Lately I’ve been really into food and health documentaries. I don’t even know how it happened. It started with me trying to find things to watch at night when Aron falls asleep early. My friend at work, Anne, watches a lot of documentaries, so one night I decided to try watching one called Food, Inc. It was fascinating! It was all about some of the food industries and the wrongs they do to animals and their employees. A lot of it was pretty disturbing… poor animals and poor workers. But I left feeling enlightened. I wanted to watch more!
The next Netflix recommendation was one called Food Matters. Instead of food industries, this one was about health and the medical industry. That one left me feeling even more guilty about the foods I eat. It made me feel like I needed to give up most of the things I eat and take better care of my body. It made me question the medical industry and start thinking about how a lot of medications just treat symptoms without addressing the causes of illnesses. Why wouldn’t food, the stuff that we ingest to nourish us, matter to our health? I mean, everyone knows that too much food can make you fat, and that fruits and vegetables are better for you than things like fried foods, but this documentary goes more in depth into the importance of good nutrition. Again, I found it fascinating.
The most recent food documentary I watched was one called Fat, Sick, and Nearly Dead. In this one, a guy does a 60 day juice fast, loses 82 lbs, and helps others to think about and try to take charge of their health. This documentary must be a popular one right now because Aron heard that our friends Ryan and Mark did a juice fast for a few days. So we decided to try it out…

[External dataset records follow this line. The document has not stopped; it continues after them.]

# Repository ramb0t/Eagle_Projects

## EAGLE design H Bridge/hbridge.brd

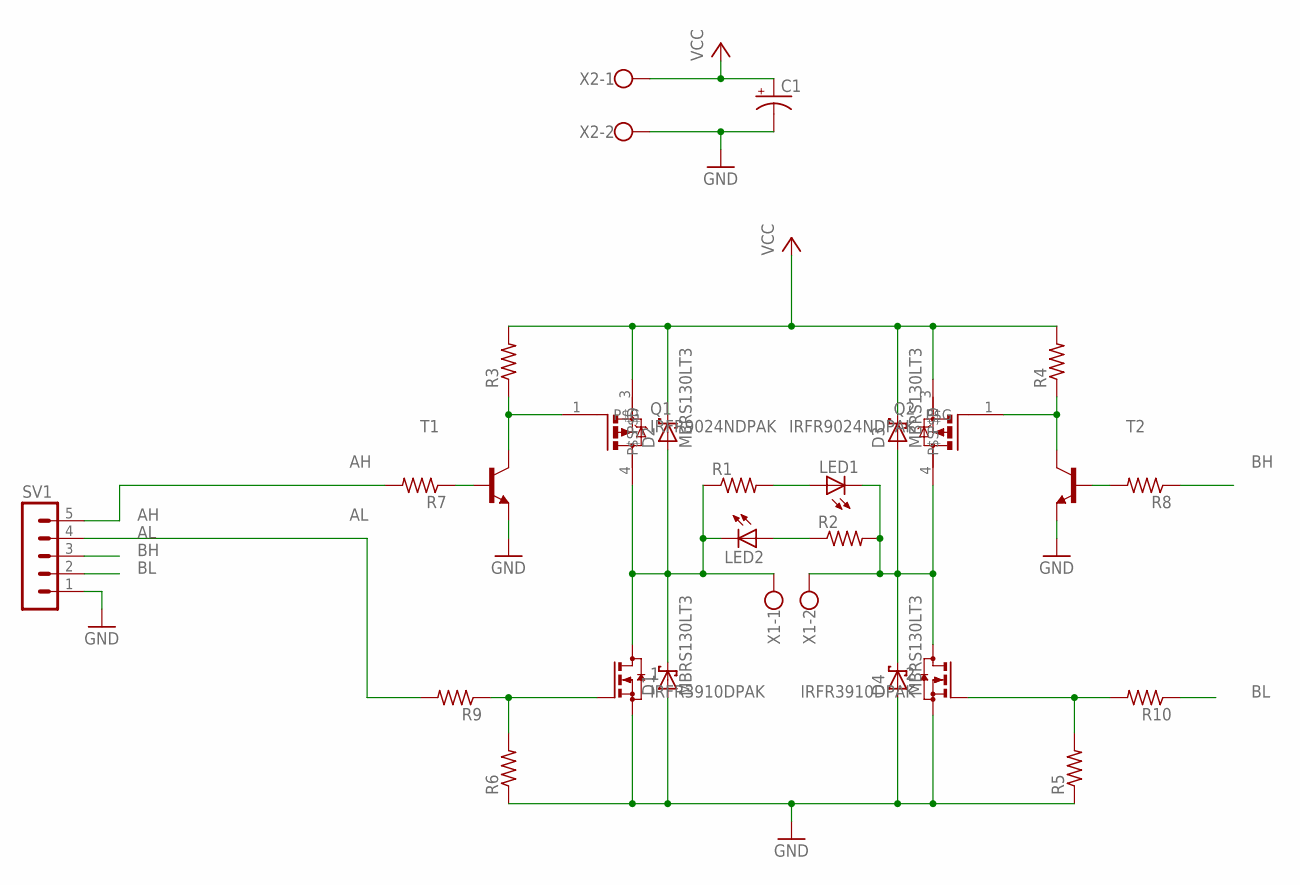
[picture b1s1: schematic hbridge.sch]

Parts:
1, 2: IRFR3910DPAK; D-PAK_TO252AA
C1: CPOL-USE5-10.5; E5-10,5
D1, D2, D3, D4: MBRS130LT3; SMB
LED1, LED2: LEDCHIP-LED0805; CHIP-LED0805
Q1, Q2: IRFR9024NDPAK; D-PAK_TO252AA
R1, R2, R3, R4, R5, R6, R7, R8, R9, R10: R-US_R0805; R0805
SV1: MA05-1
T1, T2: MMBT2222ALT1-NPN-SOT23-BEC; SOT23-BEC
X1: W237-102
X2: W237-102; MPN 237-102

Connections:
AH: R7.2, SV1.5
AL: R9.2, SV1.4
BH: R8.1, SV1.3
BL: R10.1, SV1.2
GND: 1.3 (S), 2.3 (S), C1.-, D1.A, D4.A, R5.1, R6.1, SV1.1, T1.E, T2.E, X2.2
M1: 1.4 (D), D1.C, D2.A, LED2.C, Q1.4 (P$D), R1.1, X1.1
M2: 2.4 (D), D3.A, D4.C, LED1.C, Q2.4 (P$D), R2.2, X1.2
unnamed: LED2.A, R2.1
unnamed: LED1.A, R1.2
unnamed: 1.1 (G), R6.2, R9.1
unnamed: Q1.1 (P$G), R3.1, T1.C
unnamed: Q2.1 (P$G), R4.1, T2.C
unnamed: R7.1, T1.B
unnamed: R8.2, T2.B
NS12: 2.1 (G), R5.2, R10.2
VCC: C1.+, D2.C, D3.C, Q1.3 (P$S), Q2.3 (P$S), R3.2, R4.2, X2.1

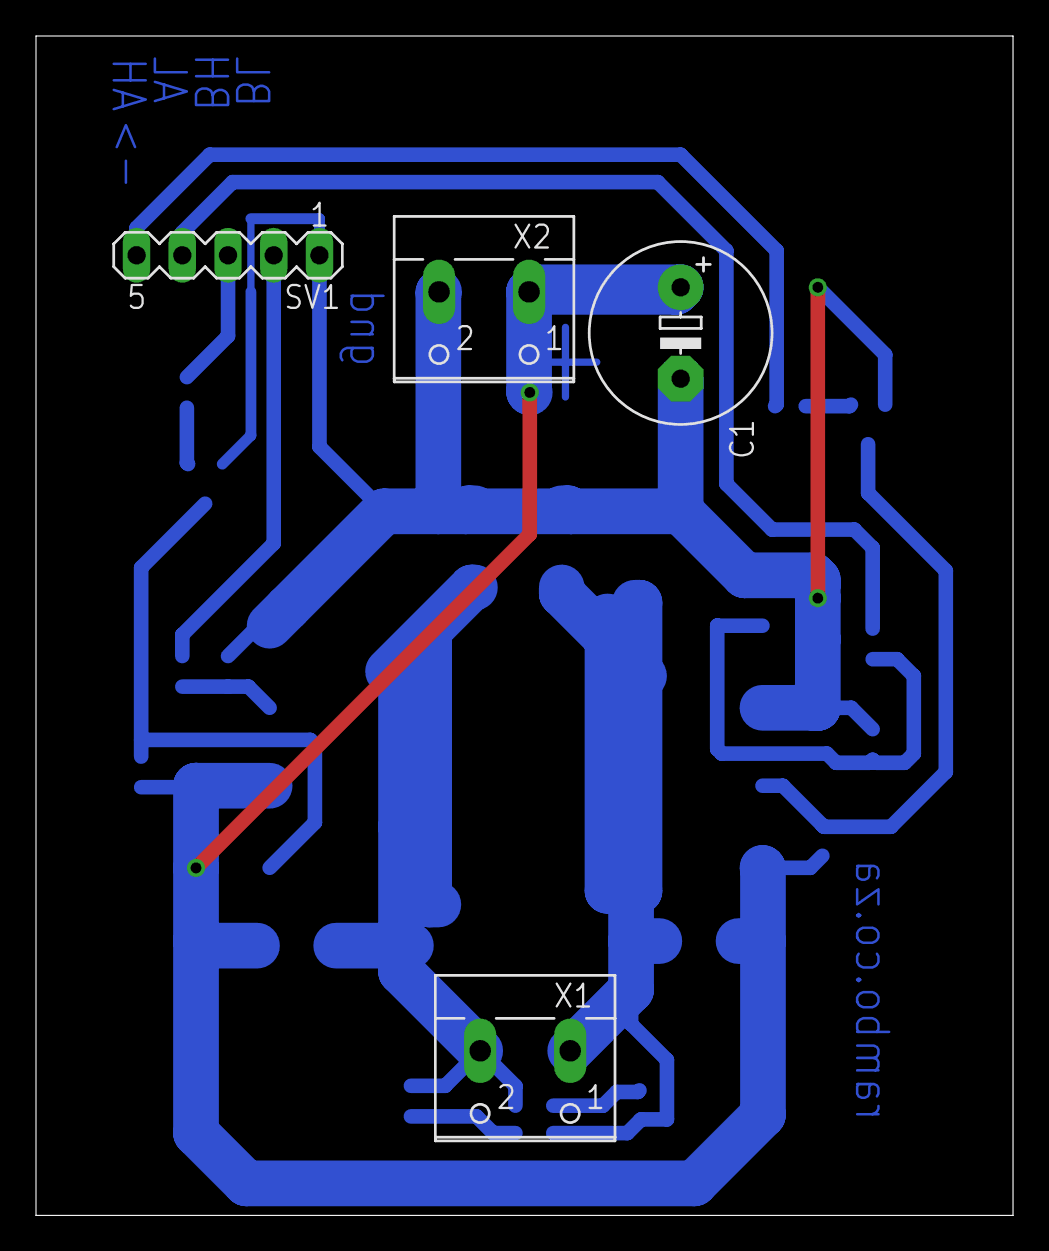
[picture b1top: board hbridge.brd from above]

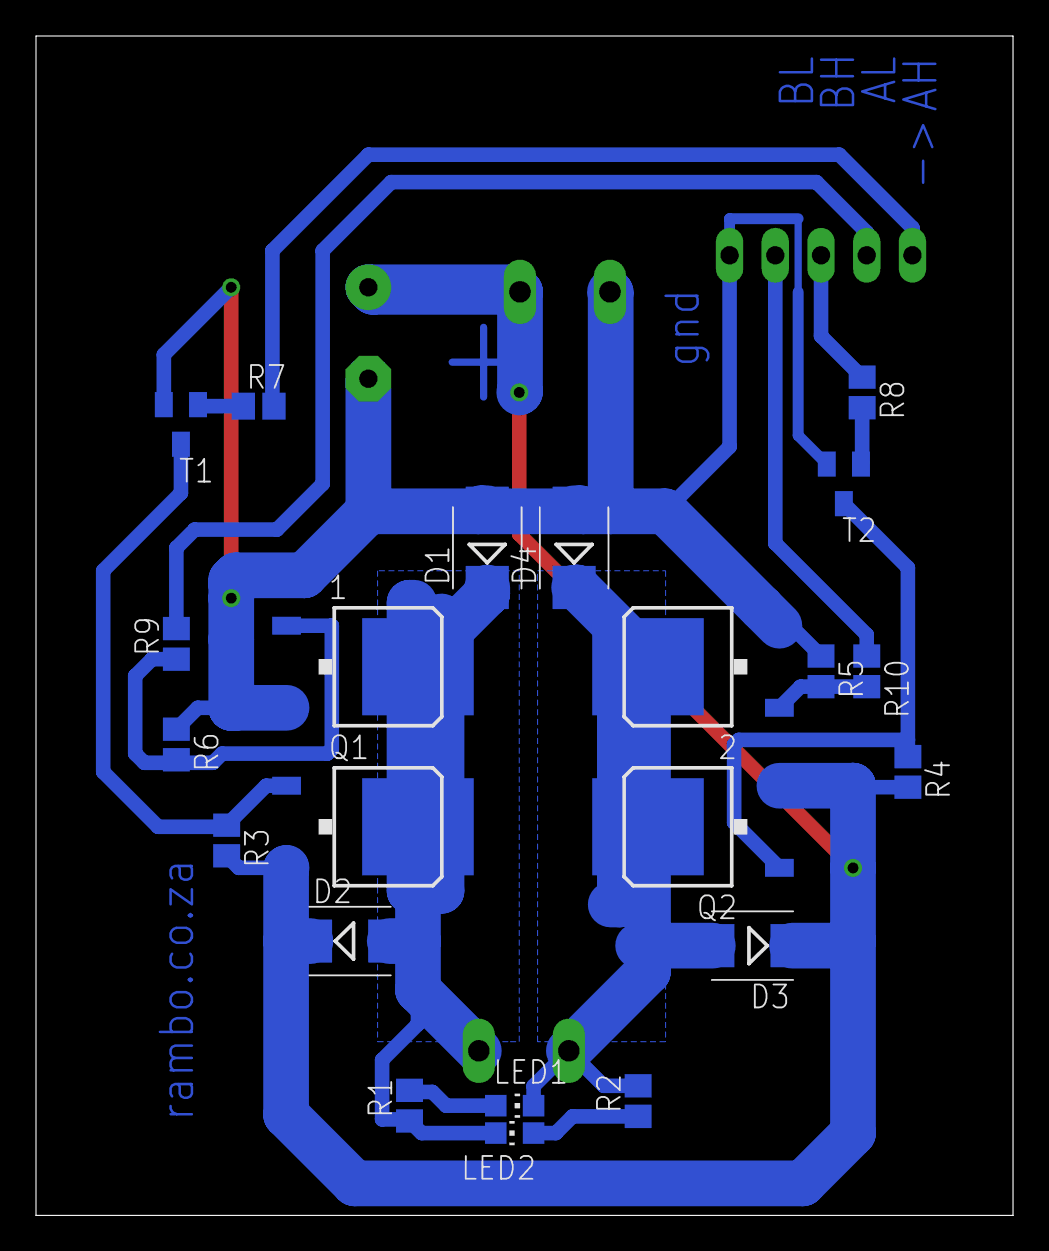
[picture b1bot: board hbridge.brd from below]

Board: 2 copper layers, 54.3 x 65.5 mm, 26 parts (22 on the bottom side), 16 nets.

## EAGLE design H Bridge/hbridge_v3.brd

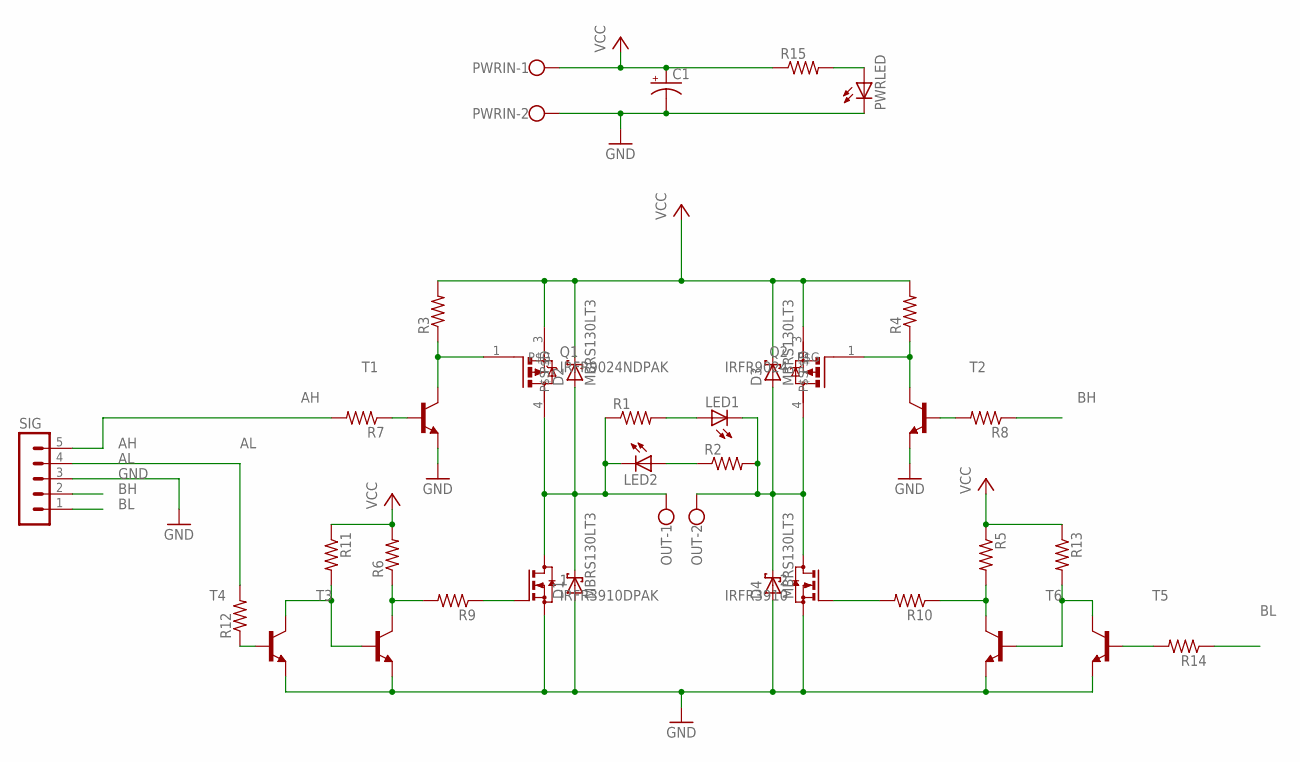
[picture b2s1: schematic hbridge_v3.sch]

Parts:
1: IRFR3910DPAK; D-PAK_TO252AA
2: IRFR3910; D-PAK_TO252AA
C1: CPOL-USE5-10.5; E5-10,5
D1, D2, D3, D4: MBRS130LT3; SMB
LED1, LED2: LEDCHIP-LED0805; CHIP-LED0805
OUT: W237-102
PWRIN: W237-102; MPN 237-102
PWRLED: LEDCHIP-LED0805; CHIP-LED0805
Q1: IRFR9024NDPAK; D-PAK_TO252AA
Q2: IRFR9024; D-PAK_TO252AA
R1, R2, R3, R4, R5, R6, R7, R8, R9, R10, R11, R12, R13, R14, R15: R-US_R0805; R0805
SIG: MA05-1
T1, T2, T3, T4, T5, T6: MMBT2222ALT1-NPN-SOT23-BEC; SOT23-BEC

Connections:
AH: R7.2, SIG.5
AL: R12.2, SIG.4
BH: R8.1, SIG.2
BL: R14.1, SIG.1
GND: 1.3 (S), 2.3 (S), C1.-, D1.A, D4.A, PWRIN.2, PWRLED.C, SIG.3, T1.E, T2.E, T3.E, T4.E, T5.E, T6.E
M1: 1.4 (D), D1.C, D2.A, LED2.C, OUT.1, Q1.4 (P$D), R1.1
M2: 2.4 (D), D3.A, D4.C, LED1.C, OUT.2, Q2.4 (P$D), R2.2
unnamed: LED2.A, R2.1
unnamed: LED1.A, R1.2
unnamed: 1.1 (G), R9.1
unnamed: R6.1, R9.2, T3.C
unnamed: R11.2, T3.B, T4.C
unnamed: Q1.1 (P$G), R3.1, T1.C
unnamed: Q2.1 (P$G), R4.1, T2.C
unnamed: 2.1 (G), R10.2
unnamed: R7.1, T1.B
unnamed: R12.1, T4.B
unnamed: R8.2, T2.B
unnamed: R5.2, R10.1, T6.C
unnamed: R13.2, T5.C, T6.B
unnamed: R14.2, T5.B
unnamed: PWRLED.A, R15.2
VCC: C1.+, D2.C, D3.C, PWRIN.1, Q1.3 (P$S), Q2.3 (P$S), R3.2, R4.2, R5.1, R6.2, R11.1, R13.1, R15.1

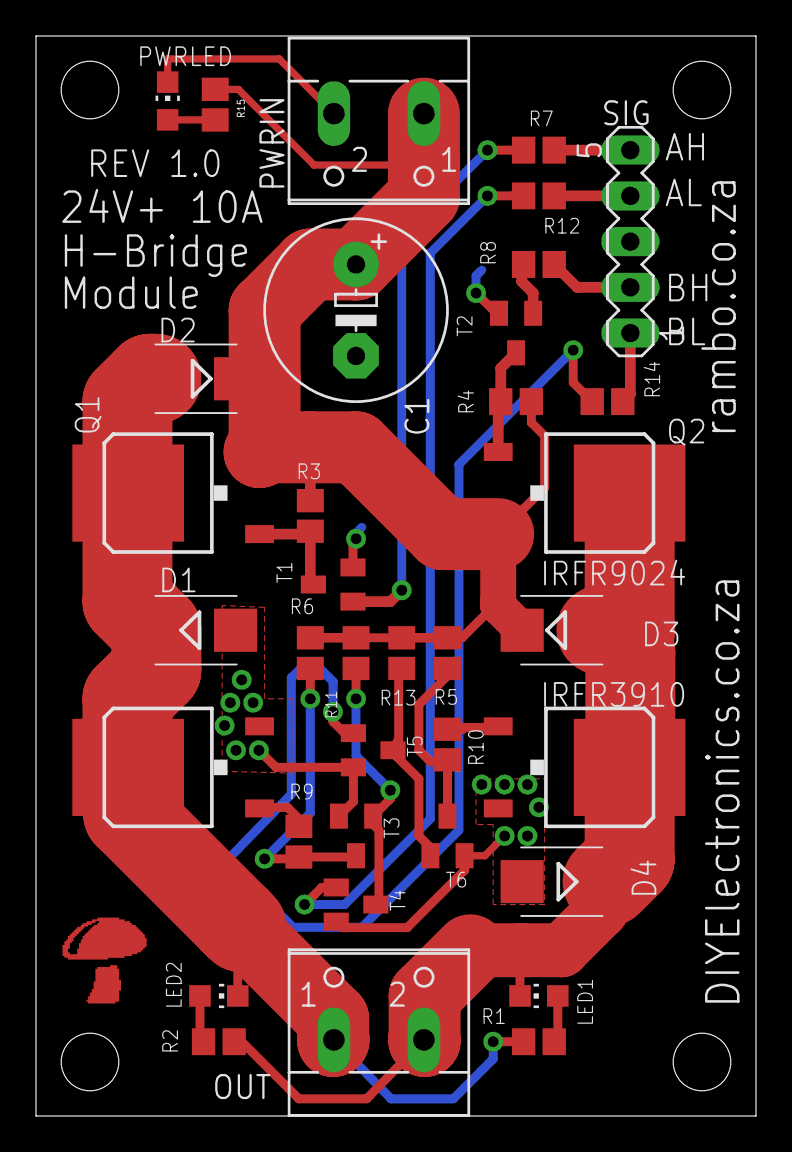
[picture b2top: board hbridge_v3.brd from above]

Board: 2 copper layers, 40.0 x 60.0 mm, 36 parts (0 on the bottom side), 23 nets.

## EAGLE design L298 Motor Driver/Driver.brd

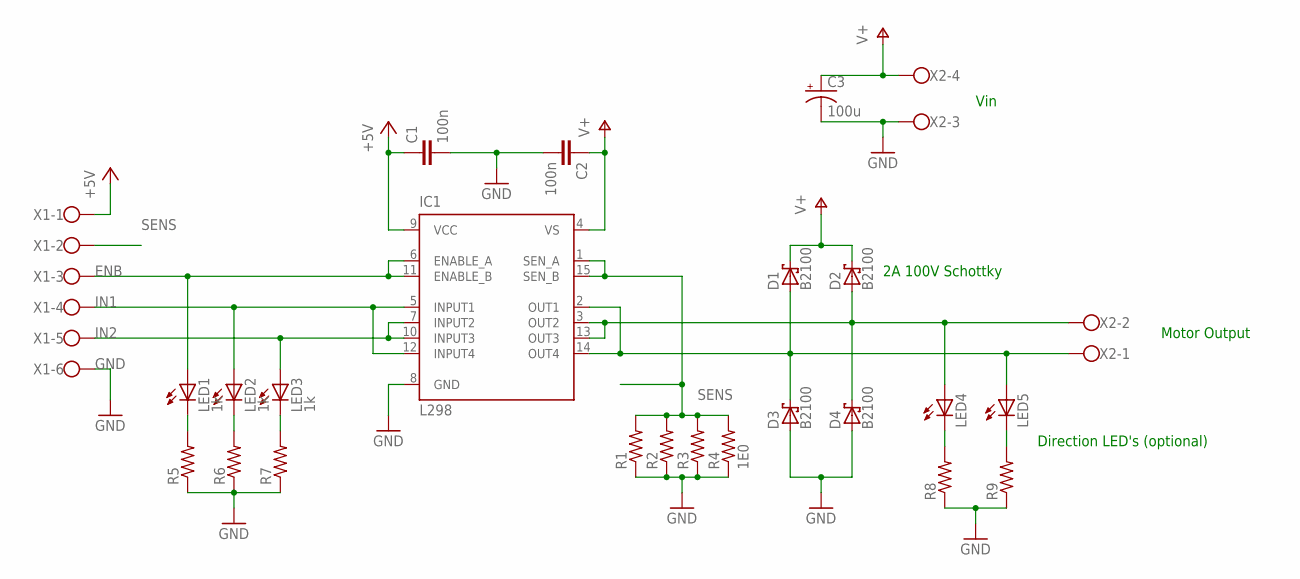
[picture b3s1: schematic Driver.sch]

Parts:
C1, C2: 100n; C0805K
C3: 100u; E7,5-16
D1, D2, D3, D4: B2100; SMC
IC1: L298; MULTIWATT-15
LED1, LED2, LED3: 1k; LED3MM
LED4, LED5: LED3MM
R1, R2, R3: R-US_R2512; R2512
R4: 1E0; R2512
R5, R6, R7, R8, R9: R-US_R0805; R0805
X1: W237-6
X2: W237-4

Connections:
+5V: C1.1, IC1.9 (VCC), X1.1
ENB: IC1.6 (ENABLE_A), IC1.11 (ENABLE_B), LED1.A, X1.3
GND: C1.2, C2.2, C3.-, D3.A, D4.A, IC1.8 (GND), R1.1, R2.1, R3.1, R4.1, R5.1, R6.1, R7.1, R8.1, R9.1, X1.6, X2.3
IN1: IC1.5 (INPUT1), IC1.12 (INPUT4), LED2.A, X1.4
IN2: IC1.7 (INPUT2), IC1.10 (INPUT3), LED3.A, X1.5
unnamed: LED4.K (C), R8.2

We’re leaving for our annual Florida trip soon, and in preparation to look a little better and to enact some of these health practices I’ve been learning about in these documentaries, we decided to do a 2 week juice fast. We made a trip to Best Buy to buy a juicer, then went to HEB and bought a cart-load of fruits and veggies. The idea is to have nothing but fresh juice all day for 2 weeks. It’s supposed to be a “reboot” as the guy in the FSaND movie states. It’s meant to detox by overloading with “micronutrients” and flush out all the toxins to rejuvenate your cells and your body overall.
We started on a Monday…
The first thing I wanted to make was the Mean Green juice from the documentary. It called for 2 apples, 4 celery stalks, one cucumber, 6-8 kale leaves, 1/2 a lemon, and 1 tbsp ginger. It was… not good. It’s the one on the left below. The one in the middle is the 6 kale leaves that smelled too gross to add the whole thing to the glass I already had. The far right is carrots, oranges, and strawberries. That one was not too bad, but all of those ingredients are fairly delicious.
The first day went okay. We were starving, but we pretty much expected that that would be the case. I mean if you’re just having juice, wouldn’t that be the logical thought process?
Unfortunately, come day 4… we were still starving. We had to go to HEB for the THIRD time (we were having to go ever other day) and we finally just threw in the towel. I was thoroughly disappointed. I had high hopes for this fast, but it was so hard! Maybe next time we should ease into it a little more instead of just having cake and ribs one day and then only juice the next.
The night we quit, I convinced Aron to watch some of the Fat, Sick, and Nearly Dead movie. There was one part that I didn’t remember where he said in his Aussie accent, “If you start out to do a 10 day juice fast, but you only get to day 7, well good on you for trying! Not, oh you’re a failure; good on you for trying.” So that I took to heart. We’re not failures. Good on us for trying.